Qui est Maria Enders ? Une comédienne de renom, probablement de nationalité française – elle règle son divorce et le partage de ses biens immobiliers à Paris en parlant en français avec son ‘futur ex’ et son avocat – devenue une star internationale, justifiant qu’elle ait abandonné sa langue originelle pour l’anglais du business (des gens dans le coup ?) et s’adjoigne la collaboration d’une assistante…américaine.
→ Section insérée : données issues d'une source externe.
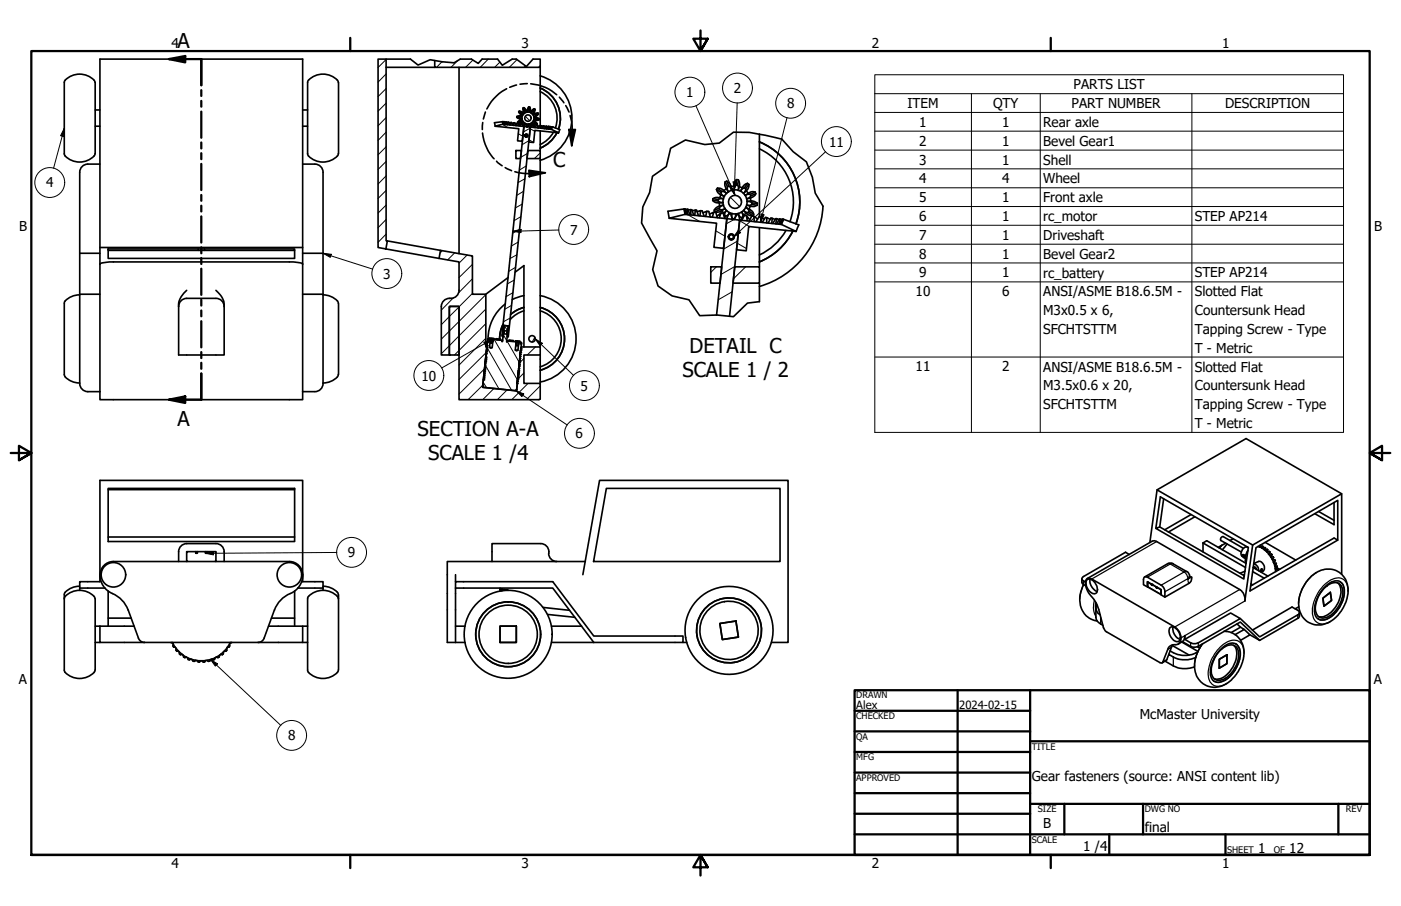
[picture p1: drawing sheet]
<svg xmlns="http://www.w3.org/2000/svg" width="432mm" height="279mm" viewBox="0 0 432 279" stroke-linecap="round" stroke-linejoin="round" font-family="sans-serif">
<!-- layer: Hatch (ANSI) -->
<g fill="none" stroke="#000" stroke-width=".31">
<path d="M119 18.4l-2.5 2.4M136.2 19.1l-1.6 1.7M141 18.7l-2 2.1M145.7 18.5l-2.2 2.3M150.5 18.2l-2.5 2.6M154.1 19.2l-1.6 1.6M159.3 18.4l-2.3 2.4M119 36.3l-2.5 2.5M119 31.8l-2.5 2.5M119 27.3l-2.5 2.5M119 22.8l-2.5 2.5M154.8 38.4l1.7 .9"/>
<path d="M161.9 20.3l-.4 .5M161.9 35.9l1.4 1.3M163.4 39.7l1.4 .8M163.4 39.5l-2.1 1.2M166.5 20.2l-.5 .6M119 58.7l-2.5 2.5M119 54.2l-2.5 2.6M119 49.8l-2.5 2.5M119 45.3l-2.5 2.5M119 40.8l-2.5 2.5M159.7 41.2l1.5 .8M160.5 48.7l-.2 .2"/>
<path d="M161.4 59l-2.1 1.3M161.8 55.1l-2.2 1.2M162.2 51.2l-2.1 1.3M162.6 47.3l-2.1 1.2M162.8 46.4l-.1 .1M163 43.4l-2.1 1.2M163.1 43.1l1.4 .8M166.5 47.2l-1.8 1.7M171.3 40.6l.7 .4M119 76.7l-.1 .1M119 72.2l-2.5 2.5M119 67.7l-2.5 2.5"/>
<path d="M119 63.2l-2.5 2.5M136.3 77.3l-.7 .7M140.1 78l-2.1 2.1M144 78.7l-2.5 2.5M159.3 78.5l-2.1 1.3M159.8 74.6l-2.2 1.3M160.1 70.7l-2.1 1.2M160.5 66.8l-2.1 1.3M161 62.9l-2.2 1.2M211.9 66.2l3.7 2.1M220.6 71.2l2.9 1.6M225.2 60.9l2.8 2.8"/>
<path d="M226.3 67.7l-2.5 1.3M227.2 75l2.9 1.6M227.3 74.4l-4.3 2.4M228 68.1l3.1 1.8M139.8 91.8l-3.8 3.8M141.5 94.7l-5.5 5.4M145.6 90.5l-4.1 4.1M145.6 86l-4.2 4.3M145.6 81.5l-4.1 4.1M149.7 99.8l-9.6 9.7M149.7 95.3l-13.7 13.8M149.7 90.9l-13.7 13.7"/>
<path d="M157.3 98l-2.2 1.3M157.7 94.2l-2.1 1.2M158.1 90.2l-2.1 1.3M158.5 86.4l-2.2 1.2M158.9 82.4l-2.1 1.3M220.8 82.3l-1.7 1.7M225.7 90l-4.3 2.5M226.5 82.2l-4.3 2.4M229.8 82.3l-3.7 3.7M234.1 87l-.4 .3M148.8 118.7l-4.5 4.6M148.9 117.9l1 1.6"/>
<path d="M149.4 113.7l-7.9 7.8M149.5 112.5l4.3 7.5M149.7 104.3l-8.2 8.3M149.9 108.7l-8.4 8.3M150.1 107.2l7.6 13.1M152.3 119.8l-3.5 3.5M152.3 104.7l7.2 12.5M155.1 103.2l1 1.8M155.1 102.9l-.4 .3M155.4 100.4l1.1 1.7M156.3 105.3l3.8 6.5M156.8 101.9l-.3 .3"/>
<path d="M160.1 105.5l.6 .9M161.5 115l-1.9 2M161.5 110.6l-1.4 1.4M162.8 118.2l-5.1 5.1M164.8 104l-.8 1.5M165 107l-2.5 2.5M166.5 119l-4.3 4.3M156.3 120.2l-3 3.1"/>
</g>
<!-- layer: Visible (ANSI) -->
<g fill="none" stroke="#000" stroke-width=".51">
<path d="M116.5 18.2h2.5v56l.4 .1-.5 2.5-2.4-.5zM119 18.2h7.5M141.9 18.2h3.4M148.6 18.2h4.8M157.9 18.2h1.2M164.3 18.2h2.2v2.6h-32.5v-2.1M29 24.7l.3 .7M29 24.7a6.1 6.1 0 0 0-9.2 .5v22.2M29.3 25.4v22M29.3 38.9h1.5M29.3 33.9h1.5M93.3 38.9h1.5"/>
<path d="M93.3 33.9h1.5M104.3 25.4a4.9 4.9 0 0 0-4.8-2.5 4.9 4.9 0 0 0-4.7 2.5v22M104.3 25.4v22M119 20.8h15M141.5 20.8v57.4M152.6 38.9l2.4-.6 6.5 .7-.5 4.6-1.5-.2 .4-3.7zM154.9 37.5h.1M154.9 37.5l.2 .9zM155.1 38.3l-.2-.8-2.5 .3 .2 1.1M155.1 37.5l.3 .9v-.9l-.3 .1M155.4 37.5l.4 .9M155.6 37.7l.4-.1-.1 .8"/>
<path d="M156 37.6l.3 .9M156.1 37.8l.5-.1-.1 .8M156.6 37.7h.2l.3 .8M156.9 37.9l.6-.1-.2 .7M157.5 37.8h.2l.3 .8M157.8 38.1l.6-.3-.2 .9M158.4 37.8l.3 .1 .2 .8M158.8 38.3l.6-.3-.1 .7M159.3 35.9v.3M159.4 38h.4l.2 .9M159.5 37.7l.1 .3M160 38.6l.6-.5-.3 .8"/>
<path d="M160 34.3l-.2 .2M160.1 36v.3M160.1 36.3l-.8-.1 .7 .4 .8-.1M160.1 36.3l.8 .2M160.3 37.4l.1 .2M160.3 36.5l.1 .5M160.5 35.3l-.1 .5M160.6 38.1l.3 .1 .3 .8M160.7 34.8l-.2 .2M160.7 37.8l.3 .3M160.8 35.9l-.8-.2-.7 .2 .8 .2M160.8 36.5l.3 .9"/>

Maria Enders est surbookée, des projets, des sollicitations, des invitations à la pelle que Valentine, la fidèle assistante, secrétaire, répétitrice, doit organiser, pendue à ses téléphones, rivée à sa tablette, connectée non stop. C’est à bord d’un train traversant la Suisse que nous faisons la connaissance des deux femmes : Maria est invitée à un festival où elle doit recevoir un prix au nom d’un auteur de théâtre retiré du monde avec lequel la star connut son premier succès à dix-huit ans – lequel auteur a le mauvais goût de mourir.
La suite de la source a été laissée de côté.